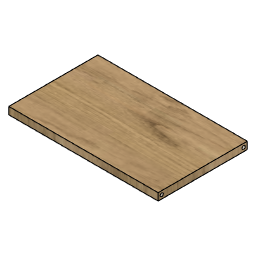
Project 02 (Autodesk Fusion 360 archive; units mm, degrees)
design "Base"
Autodesk Fusion 360 part; units mm, degrees
note: some values were not read from the file. Set by a fixed rule: which face or edge a step refers to.
sketch "Sketch1" plane through (0, 0, 0) normal (0, 1, 0) x (1, 0, 0)
  line L0 (0, 0) -> (310, 0)
  line L1 (310, 0) -> (310, -185)
  line L2 (310, -185) -> (0, -185)
  line L3 (0, -185) -> (0, 0)
  dimension "d1" = 310
  dimension "d2" = 185
  constraint horizontal L0
  constraint vertical L1
  constraint horizontal L2
  constraint vertical L3
  constraint coincident L0.start L3.end
  measures "d1" distance of L0.start L0.end
  measures "d2" distance of L0.start L2.end
extrude "Extrude1" add sketch "Sketch1" along normal blind 15
sketch "Sketch2" plane through (310, 0, 0) normal (1, 0, 0) x (0, 0, -1)
  line L0 (-185, 0) -> (0, 0)
  line L1 (0, 0) -> (0, 15)
  line L2 (0, 15) -> (-185, 15)
  line L3 (-185, 15) -> (-185, 0)
  circle A0 centre (-177.5, 7.5) radius 4
  circle A1 centre (-7.5, 7.5) radius 4
  line L4 (0, 0) -> (0, 7.5)
  constraint midpoint L1 L4.end
  constraint coincident L0.end L1.start
sketch "Sketch3" plane through (0, 0, 0) normal (-1, 0, 0) x (0, 0, 1)
  line L0 (0, 0) -> (185, 0)
  line L1 (185, 0) -> (185, 15)
  line L2 (185, 15) -> (0, 15)
  line L3 (0, 15) -> (0, 0)
  circle A0 centre (7.5, 7.5) radius 4
  dimension "d11" = 8
  measures "d11" diameter of A0
sketch "Sketch4" plane through (0, 0, 0) normal (-1, 0, 0) x (0, 0, 1)
  circle A0 centre (177.5, 7.5) radius 4
  line L0 (0, 0) -> (7.5, 0) construction
  line L1 (7.5, 0) -> (7.5, 7.5) construction
  line L2 (7.5, 7.5) -> (0, 7.5) construction
  line L3 (0, 7.5) -> (0, 0) construction
  circle A1 centre (7.5, 7.5) radius 4
  dimension "d75" = 7.5
  dimension "d76" = 7.5
  dimension "d77" = 8
  constraint horizontal L0
  constraint vertical L1
  constraint horizontal L2
  constraint vertical L3
  constraint coincident L0.start L3.end
  constraint coincident L1.end L2.start
  measures "d75" distance of L0.start L0.end
  measures "d76" distance of L0.start L2.end
  measures "d77" diameter of A1
extrude "Extrude2" cut sketch "Sketch2" against normal blind 3 contours A0 | A1
thread "Thread1" "ISO Metric profile 8.0 M8x1.25 6H" major diameter 8.17 minor diameter 6.7795 pitch 1.25 angle 60 resizes the face on face at (308, 7.3006, 3.505)
thread "Thread2" "ISO Metric profile 8.0 M8x1.25 6H" major diameter 8.17 minor diameter 6.7795 pitch 1.25 angle 60 resizes the face on face at (308, 10.3635, 180.2929)
sketch "Sketch5" plane through (0, 0, 0) normal (0, 0, -1) x (-1, 0, 0)
  line L0 (-310, 0) -> (0, 0)
  line L1 (0, 0) -> (0, 15)
  line L2 (0, 15) -> (-310, 15)
  line L3 (-310, 15) -> (-310, 0)
  circle A0 centre (-260, 7.5) radius 4
  line L4 (0, 7.5) -> (-50, 7.5)
  circle A1 centre (-50, 7.5) radius 4
  dimension "d21" = 50
  dimension "d22" = 8
  constraint midpoint L1 L4.start
  constraint perpendicular L1 L4
  constraint coincident L4.end A1.centre
  measures "d21" distance of L4.start L4.end
  measures "d22" diameter of A1
sketch "Sketch6" plane through (310, 0, 0) normal (1, 0, 0) x (0, 0, -1)
  circle A0 centre (-177.5, 7.5) radius 3.3898
  line L0 (-185, 0) -> (0, 0)
  line L1 (0, 0) -> (0, 15)
  line L2 (0, 15) -> (-185, 15)
  line L3 (-185, 15) -> (-185, 0)
  circle A1 centre (-7.5, 7.5) radius 4
  circle A2 centre (-7.5, 7.5) radius 3.3898
  dimension "d46" = 8
  measures "d46" diameter of A1
sketch "Sketch7" plane through (0, 0, 0) normal (0, 0, -1) x (-1, 0, 0)
  line L0 (-310, 0) -> (0, 0)
  line L1 (0, 0) -> (0, 15)
  line L2 (0, 15) -> (-310, 15)
  line L3 (-310, 15) -> (-310, 0)
  circle A0 centre (-260, 7.5) radius 4
  dimension "d48" = 8
  dimension "d52" = 0
  measures "d48" diameter of A0
extrude "Extrude16" cut sketch "Sketch7" against normal blind 30 contours A0
thread "Thread11" "ISO Metric profile 8.0 M8x1.25 6H" major diameter 8.17 minor diameter 6.7795 pitch 1.25 angle 60 resizes the face on face at (262.6467, 4.5009, 20)
delete_face "DeleteFace2" 1 faces at (258.4536, 10.5164, 20)
hole "Hole1" at (310, 7.5, 177.5) direction (-1, 0, 0) diameter 6.78 depth 30 tip angle 120
thread "Thread12" "ISO Metric profile 8.0 M8x1.25 6H"
hole "Hole2" at (310, 7.5, 7.5) direction (-1, 0, 0) diameter 6.78 depth 30 tip angle 120
thread "Thread13" "ISO Metric profile 8.0 M8x1.25 6H"
hole "Hole3" at (260, 7.5, 0) direction (0, 0, 1) diameter 6.78 depth 30 tip angle 120
thread "Thread14" "ISO Metric profile 8.0 M8x1.25 6H"
hole "Hole4" at (50, 7.5, 0) direction (0, 0, 1) diameter 6.78 depth 30 tip angle 120
thread "Thread15" "ISO Metric profile 8.0 M8x1.25 6H"
hole "Hole5" at (0, 7.5, 177.5) at (0, 7.5, 7.5) direction (1, 0, 0) diameter 6.78 depth 30 tip angle 120
thread "Thread16" "ISO Metric profile 8.0 M8x1.25 6H"

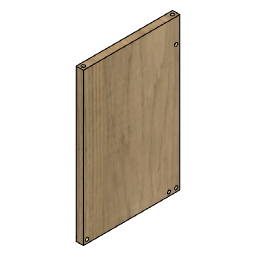
design "Left side"
Autodesk Fusion 360 part; units mm, degrees
sketch "Sketch1" plane through (0, 0, 0) normal (0, 1, 0) x (1, 0, 0)
  line L0 (0, 0) -> (15, 0)
  line L1 (15, 0) -> (15, -200)
  line L2 (15, -200) -> (0, -200)
  line L3 (0, -200) -> (0, 0)
  line L4 (325, -200) -> (340, -200)
  line L5 (340, -200) -> (340, 0)
  line L6 (340, 0) -> (325, 0)
  line L7 (325, 0) -> (325, -200)
  dimension "d1" = 15
  dimension "d2" = 200
  dimension "d3" = 310
  dimension "d4" = 15
  dimension "d5" = 200
  constraint horizontal L0
  constraint vertical L1
  constraint horizontal L2
  constraint vertical L3
  constraint coincident L0.start L3.end
  constraint horizontal L4
  constraint vertical L5
  constraint horizontal L6
  constraint vertical L7
  measures "d1" distance of L0.start L0.end
  measures "d2" distance of L0.start L2.end
  measures "d3" distance of L1.end L4.start
  measures "d4" distance of L4.start L4.end
  measures "d5" distance of L4.start L6.end
sketch "Sketch2" plane through (0, 0, 0) normal (0, 1, 0) x (1, 0, 0)
  line L0 (0, 0) -> (15, 0)
  line L1 (15, 0) -> (15, -200)
  line L2 (15, -200) -> (0, -200)
  line L3 (0, -200) -> (0, 0)
  dimension "d8" = 15
  dimension "d9" = 200
  constraint horizontal L0
  constraint vertical L1
  constraint horizontal L2
  constraint vertical L3
  constraint coincident L0.start L3.end
  measures "d8" distance of L0.start L0.end
  measures "d9" distance of L0.start L2.end
extrude "Extrude2" add sketch "Sketch2" along normal blind 315
sketch "Sketch3" plane through (0, 0, 0) normal (-1, 0, 0) x (0, 0, 1)
  line L0 (0, 0) -> (200, 0)
  line L1 (200, 0) -> (200, 315)
  line L2 (200, 315) -> (0, 315)
  line L3 (0, 315) -> (0, 0)
  circle A0 centre (7.5, 7.5) radius 4
  circle A1 centre (22.5, 7.5) radius 4
  circle A2 centre (192.5, 7.5) radius 4
  circle A3 centre (7.5, 265) radius 4
  dimension "d18" = 8
  dimension "d19" = 8
  dimension "d22" = 8
  dimension "d25" = 8
  measures "d18" diameter of A0
  measures "d19" diameter of A1
  measures "d22" diameter of A2
  measures "d25" diameter of A3
hole "Hole1" at (0, 7.5, 7.5) at (0, 7.5, 22.5) at (0, 265, 7.5) at (0, 7.5, 192.5) direction (1, 0, 0) diameter 6.78 depth 100 tip angle 120 countersink diameter 14.07 countersink angle 90
thread "Thread1" "ISO Metric profile 8.0 M8x1.25 6H"
sketch "Sketch4" plane through (0, 315, 0) normal (0, 1, 0) x (-1, 0, 0)
  line L0 (0, 200) -> (-15, 200)
  line L1 (-15, 200) -> (-15, 0)
  line L2 (-15, 0) -> (0, 0)
  line L3 (0, 0) -> (0, 200)
  circle A0 centre (-7.5, 192.5) radius 4
  circle A1 centre (-7.5, 7.5) radius 4
  dimension "d33" = 8
  dimension "d36" = 8
  measures "d33" diameter of A0
  measures "d36" diameter of A1
hole "Hole2" at (7.5, 315, 192.5) at (7.5, 315, 7.5) direction (0, -1, 0) diameter 6.78 depth 30 tip angle 120
thread "Thread2" "ISO Metric profile 8.0 M8x1.25 6H"

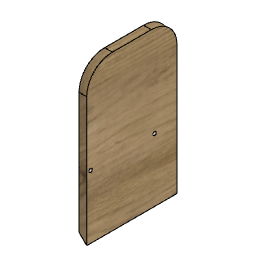
design "T-shape01"
Autodesk Fusion 360 part; units mm, degrees
sketch "Sketch1" plane through (0, 0, 0) normal (0, 1, 0) x (1, 0, 0)
  line L0 (0, 0) -> (21.213, 0)
  line L1 (0, -21.213) -> (0, -21.23)
  line L2 (-201.525, -201.525) -> (0, 0)
  line L3 (21.213, 0) -> (-190.919, -212.132)
  line L4 (-201.525, -201.525) -> (-190.919, -212.132)
  dimension "d1" = 21.213
  dimension "d2" = 21.23
  dimension "d5" = 300
  constraint coincident L0.start L2.end
  constraint horizontal L0
  constraint perpendicular L0 L1
  constraint parallel L2 L3
  constraint coincident L3 L1.start
  measures "d1" distance of L0.start L0.end
  measures "d2" distance of L0.start L1.end
  measures "d5" distance of L0.end L3.end
extrude "Extrude1" add sketch "Sketch1" along normal blind 175
sketch "Sketch2" plane through (10.6065, 0, 10.6065) normal (0.707107, 0, 0.707107) x (0, 1, 0)
  line L0 (0, 285.0001) -> (0, -14.9999)
  line L1 (0, -14.9999) -> (175, -14.9999)
  line L2 (175, -14.9999) -> (175, 285.0001)
  line L3 (175, 285.0001) -> (0, 285.0001)
  arc A0 (50, 285.0001) -> (0, 235.0001) centre (50, 235.0001) ccw
  arc A1 (175, 235.0001) -> (125, 285.0001) centre (125, 235.0001) ccw
  dimension "d8" = 250
  dimension "d9" = 50
  constraint coincident L3 A0.start
  measures "d8" distance of L0.end A0.end
  measures "d9" distance of A0.end A0.centre
extrude "Extrude2" cut sketch "Sketch2" against normal blind 60 contours L0 L3 A0
extrude "Extrude3" cut sketch "Sketch2" against normal blind 90 contours L2 L3 A1
sketch "Sketch3" plane through (0, 0, 0) normal (-0.707107, 0, -0.707107) x (0, -1, 0)
  arc A0 (-125.2749, 284.9994) -> (-175, 235.0001) centre (-125, 235.0001) ccw
  line L0 (-175, 235.0001) -> (-175, 0)
  line L1 (-175, 0) -> (0, 0)
  line L2 (0, 0) -> (0, 235.0001)
  arc A1 (0, 235.0001) -> (-49.7251, 284.9994) centre (-50, 235.0001) ccw
  line L3 (-49.7251, 284.9994) -> (-125.2749, 284.9994)
  line L4 (0, 0) -> (0, 107.5)
  line L5 (-175, 0) -> (-175, 107.5)
  line L6 (-175, 107.5) -> (-131.5, 107.5)
  line L7 (0, 107.5) -> (-7.5, 107.5)
  dimension "d15" = 107.5
  dimension "d16" = 107.5
  dimension "d17" = 43.5
  dimension "d18" = 7.5
  constraint coincident L1.end L2.start
  constraint perpendicular L1 L4
  constraint coincident L0.end L1.start
  constraint perpendicular L1 L5
  constraint perpendicular L0 L6
  constraint perpendicular L4 L7
  measures "d15" distance of L1.end L4.end
  measures "d16" distance of L0.end L5.end
  measures "d17" distance of L5.end L6.end
  measures "d18" distance of L4.end L7.end
hole "Hole1" at (-76.014, 131.5, 76.014) direction (0.707107, 0, 0.707107) diameter 6.78 depth 40 tip angle 120 countersink diameter 14.07 countersink angle 90
thread "Thread4" "ISO Metric profile 8.0 M8x1.25 6H"
thread "Thread1" "ISO Metric profile 8.0 M8x1.25 6H" major diameter 8.17 minor diameter 6.7795 pitch 1.25 angle 60 resizes the face on face at (-73.1387, 131.9215, 83.6462)
hole "Hole2" at (-76.014, 7.5, 76.014) direction (0.707107, 0, 0.707107) diameter 6.78 depth 40 tip angle 120 countersink diameter 14.07 countersink angle 90
thread "Thread3" "ISO Metric profile 8.0 M8x1.25 6H"
thread "Thread2" "ISO Metric profile 8.0 M8x1.25 6H" major diameter 8.17 minor diameter 6.7795 pitch 1.25 angle 60 resizes the face on face at (-67.9644, 10.8858, 83.8246)
sketch "Sketch4" plane through (0, 175, 0) normal (0, 1, 0) x (-1, 0, 0)
  line L0 (166.1702, 166.1702) -> (155.5637, 176.7767)
  line L1 (155.5637, 176.7767) -> (-21.213, 0)
  line L2 (-21.213, 0) -> (0, 0)
  line L3 (0, 0) -> (166.1702, 166.1702)
  circle A0 centre (17.6778, 28.2843) radius 4
  circle A1 centre (70.7108, 81.3173) radius 4
  circle A2 centre (113.1372, 123.7437) radius 4
  dimension "d26" = 75
  dimension "d27" = 60
  dimension "d28" = 8
  dimension "d29" = 8
  dimension "d30" = 8
  measures "d26" distance of A0.centre A1.centre
  measures "d27" distance of A1.centre A2.centre
  measures "d28" diameter of A0
  measures "d29" diameter of A1
  measures "d30" diameter of A2
hole "Hole3" at (-17.6778, 175, 28.2843) at (-70.7108, 175, 81.3173) at (-113.1372, 175, 123.7437) direction (0, -1, 0) diameter 6.78 depth 30 tip angle 120
thread "Thread5" "ISO Metric profile 8.0 M8x1.25 6H"
sketch "Sketch5" plane through (0, 0, 0) normal (0, 0, -1) x (1, 0, 0)
  line L0 (21.213, 0) -> (0, 0)
  line L1 (0, 0) -> (0, -175)
  line L2 (0, -175) -> (21.213, -175)
  line L3 (21.213, -175) -> (21.213, 0)
  circle A0 centre (10.6065, -24.08) radius 4
  circle A1 centre (10.6065, -170) radius 4
  dimension "d36" = 8
  dimension "d37" = 8
  measures "d36" diameter of A0
  measures "d37" diameter of A1
hole "Hole4" at (10.6065, 24.08, 0) at (10.6065, 170, 0) direction (0, 0, 1) diameter 6.78 depth 5 tip angle 120
thread "Thread6" "ISO Metric profile 8.0 M8x1.25 6H"
move_body "Move1" bodies 1 to x (0.707107, 0, -0.707107) y (0, 1, 0) z (0.707107, 0, 0.707107) at (-0.429, 0, 8.9644)

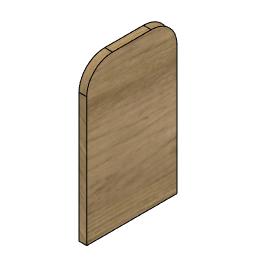
design "T-shape02"
Autodesk Fusion 360 part; units mm, degrees
sketch "Sketch1" plane through (0, 0, 0) normal (0, 0, 1) x (1, 0, 0)
sketch "Sketch2" plane through (0, 0, 0) normal (0, 0, 1) x (1, 0, 0)
  line L0 (0, 0) -> (9.9094, 0) construction
  line L1 (0, 0) -> (212.132, 212.132)
  line L2 (0, 0) -> (-10.6066, 10.6066)
  line L3 (-10.6066, 10.6066) -> (201.5254, 222.7386)
  line L4 (-10.6066, 10.6066) -> (289.3934, 10.6066) construction
  line L5 (212.132, 212.132) -> (201.5254, 222.7386)
  dimension "d2" = 300
  dimension "d3" = 15
  dimension "d4" = 45
  dimension "d5" = 300
  constraint horizontal L0
  constraint coincident L0.start L1.start
  constraint perpendicular L1 L2
  constraint horizontal L4
  constraint perpendicular L2 L3
  measures "d2" distance of L0.start L1.end
  measures "d3" distance of L0.start L2.end
  measures "d4" angle of L3 L4
  measures "d5" distance of L2.end L3.end
extrude "Extrude1" add sketch "Sketch2" along normal blind 175
sketch "Sketch3" plane through (-10.6066, 10.6066, 0) normal (-0.707107, 0.707107, 0) x (0, 0, 1)
  line L0 (0, 300) -> (0, 0)
  line L1 (0, 0) -> (175, 0)
  line L2 (175, 0) -> (175, 300)
  line L3 (175, 300) -> (0, 300)
  arc A0 (50, 300) -> (0, 250) centre (50, 250) ccw
  arc A1 (175, 250) -> (125, 300) centre (125, 250) ccw
  dimension "d8" = 100
  constraint tangent L2 A1
  constraint coincident L0 A0.end
  constraint coincident L3 A1.end
  measures "d8" diameter of A0
extrude "Extrude2" cut sketch "Sketch3" against normal blind 175 contours L0 L3 A0
extrude "Extrude3" cut sketch "Sketch3" against normal blind 175 contours L2 L3 A1
sketch "Sketch4" plane through (0, 0, 0) normal (-0.707107, -0.707107, 0) x (0, 0, 1)
  line L0 (0, 15) -> (0, 0)
  line L1 (0, 0) -> (175, 0)
  line L2 (175, 0) -> (175, 15)
  line L3 (175, 15) -> (0, 15)
sketch "Sketch7" plane through (0, 0, 0) normal (0, 0, 1) x (1, 0, 0)
  circle A0 centre (53.033, 63.6396) radius 4
  dimension "d27" = 8
  measures "d27" diameter of A0
extrude "Extrude4" cut sketch "Sketch7" along normal blind 30
sketch "Sketch8" plane through (0, 0, 0) normal (-0.707107, -0.707107, 0) x (0, 0, 1)
  line L0 (0, 15) -> (0, 0)
  line L1 (0, 0) -> (175, 0)
  line L2 (175, 0) -> (175, 15)
  line L3 (175, 15) -> (0, 15)
  circle A0 centre (167.5, 7.5) radius 4
  circle A1 centre (43.5, 7.5) radius 4
  dimension "d32" = 8
  dimension "d33" = 124
  dimension "d34" = 8
  measures "d32" diameter of A0
  measures "d33" distance of A0.centre A1.centre
  measures "d34" diameter of A1
hole "Hole2" at (-5.3033, 5.3033, 43.5) at (-5.3033, 5.3033, 167.5) direction (0.707107, 0.707107, 0) diameter 6.78 depth 30 tip angle 118
thread "Thread3" "ISO Metric profile 8.0 M8x1.25 6H"
move_body "MoveFace1" bodies 1 to x (0.707107, 0.707107, 0) y (-0.707107, 0.707107, 0) z (0, 0, 1) at (92.7817, -26.0051, 0)
extrude "Extrude5" add 1 faces at (86.1181, 54.2391, 30) along direction (0, 0, -1) blind 25
extrude "Extrude6" add 1 faces at (86.1181, 54.2391, 5) along direction (0, 0, -1) blind 5
sketch "Sketch9" plane through (0, 0, 0) normal (0, 0, -1) x (-1, 0, 0)
  line L0 (-77.7817, 223.9949) -> (-92.7817, 223.9949)
  line L1 (-92.7817, 223.9949) -> (-92.7817, -26.0051)
  line L2 (-92.7817, -26.0051) -> (-77.7817, -26.0051)
  line L3 (-77.7817, -26.0051) -> (-77.7817, 223.9949)
  circle A0 centre (-85.2817, 56.4949) radius 4
  dimension "d43" = 8
  measures "d43" diameter of A0
hole "Hole3" at (85.2817, 56.4949, 0) direction (0, 0, 1) diameter 6.78 depth 30 tip angle 118
thread "Thread4" "ISO Metric profile 8.0 M8x1.25 6H"

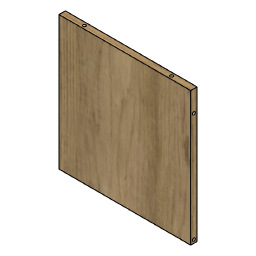
design "Back side"
Autodesk Fusion 360 part; units mm, degrees
sketch "Sketch1" plane through (0, 0, 0) normal (0, 1, 0) x (1, 0, 0)
  line L0 (0, 0) -> (310, 0)
  line L1 (310, 0) -> (310, -15)
  line L2 (310, -15) -> (0, -15)
  line L3 (0, -15) -> (0, 0)
  dimension "d1" = 310
  dimension "d2" = 15
  constraint horizontal L0
  constraint vertical L1
  constraint horizontal L2
  constraint vertical L3
  constraint coincident L0.start L3.end
  measures "d1" distance of L0.start L0.end
  measures "d2" distance of L0.start L2.end
extrude "Extrude1" add sketch "Sketch1" along normal blind 315
sketch "Sketch2" plane through (310, 0, 0) normal (1, 0, 0) x (0, 0, -1)
  line L0 (-15, 0) -> (0, 0)
  line L1 (0, 0) -> (0, 315)
  line L2 (0, 315) -> (-15, 315)
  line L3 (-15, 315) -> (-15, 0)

**PROBLEM REQUIREMENTS:** Once the line with "line L0 (0, 0) -> (9.9094, 0) construction" is found in the records above, print exactly that line and every line after it through the line with "line L4 (-10.6066, 10.6066)".

**EXERCISE RESPONSE:**
  line L0 (0, 0) -> (9.9094, 0) construction
  line L1 (0, 0) -> (212.132, 212.132)
  line L2 (0, 0) -> (-10.6066, 10.6066)
  line L3 (-10.6066, 10.6066) -> (201.5254, 222.7386)
  line L4 (-10.6066, 10.6066) -> (289.3934, 10.6066) construction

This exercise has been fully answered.